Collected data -
------------------------------------------------------------
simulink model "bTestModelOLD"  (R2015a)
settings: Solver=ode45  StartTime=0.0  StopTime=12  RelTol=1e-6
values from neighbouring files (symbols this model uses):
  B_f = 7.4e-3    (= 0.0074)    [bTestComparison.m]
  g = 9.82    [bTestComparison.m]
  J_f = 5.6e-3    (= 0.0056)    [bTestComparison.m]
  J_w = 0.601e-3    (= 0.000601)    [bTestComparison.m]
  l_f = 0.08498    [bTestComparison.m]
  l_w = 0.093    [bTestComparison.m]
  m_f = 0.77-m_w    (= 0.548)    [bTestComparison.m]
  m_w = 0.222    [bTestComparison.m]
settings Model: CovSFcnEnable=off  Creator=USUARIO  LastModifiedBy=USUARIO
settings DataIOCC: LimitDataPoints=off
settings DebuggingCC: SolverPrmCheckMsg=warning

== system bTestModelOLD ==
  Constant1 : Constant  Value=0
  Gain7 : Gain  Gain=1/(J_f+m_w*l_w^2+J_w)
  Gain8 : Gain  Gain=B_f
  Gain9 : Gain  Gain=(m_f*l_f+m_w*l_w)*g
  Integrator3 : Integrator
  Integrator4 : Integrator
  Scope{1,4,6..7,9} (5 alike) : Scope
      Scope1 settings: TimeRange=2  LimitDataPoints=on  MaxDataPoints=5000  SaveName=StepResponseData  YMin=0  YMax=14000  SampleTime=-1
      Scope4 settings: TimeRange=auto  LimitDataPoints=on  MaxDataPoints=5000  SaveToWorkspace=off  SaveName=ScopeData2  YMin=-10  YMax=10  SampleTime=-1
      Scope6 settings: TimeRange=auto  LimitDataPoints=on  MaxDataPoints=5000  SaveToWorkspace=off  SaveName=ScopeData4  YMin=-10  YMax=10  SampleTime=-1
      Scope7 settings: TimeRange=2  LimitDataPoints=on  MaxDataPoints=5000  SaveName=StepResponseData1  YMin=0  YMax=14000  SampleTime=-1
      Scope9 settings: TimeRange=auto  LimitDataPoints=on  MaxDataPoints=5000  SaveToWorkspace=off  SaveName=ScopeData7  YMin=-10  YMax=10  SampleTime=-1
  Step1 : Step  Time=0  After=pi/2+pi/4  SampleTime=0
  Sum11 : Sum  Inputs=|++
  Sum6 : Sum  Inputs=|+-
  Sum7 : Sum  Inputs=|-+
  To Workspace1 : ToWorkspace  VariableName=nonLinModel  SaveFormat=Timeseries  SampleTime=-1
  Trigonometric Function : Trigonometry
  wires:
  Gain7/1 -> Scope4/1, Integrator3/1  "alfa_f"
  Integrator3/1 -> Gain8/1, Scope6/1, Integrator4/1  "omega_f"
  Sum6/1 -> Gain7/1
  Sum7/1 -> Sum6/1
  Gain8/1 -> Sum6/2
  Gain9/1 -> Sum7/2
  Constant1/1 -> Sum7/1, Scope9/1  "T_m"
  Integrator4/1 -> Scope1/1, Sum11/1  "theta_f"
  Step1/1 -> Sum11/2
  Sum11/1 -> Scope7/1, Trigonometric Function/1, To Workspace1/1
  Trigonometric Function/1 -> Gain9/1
------------------------------------------------------------
Exercise objective - Every line of the records that includes the word "Trigonometric" should be gathered.

Answer to this problem -
  Trigonometric Function : Trigonometry
  Sum11/1 -> Scope7/1, Trigonometric Function/1, To Workspace1/1
  Trigonometric Function/1 -> Gain9/1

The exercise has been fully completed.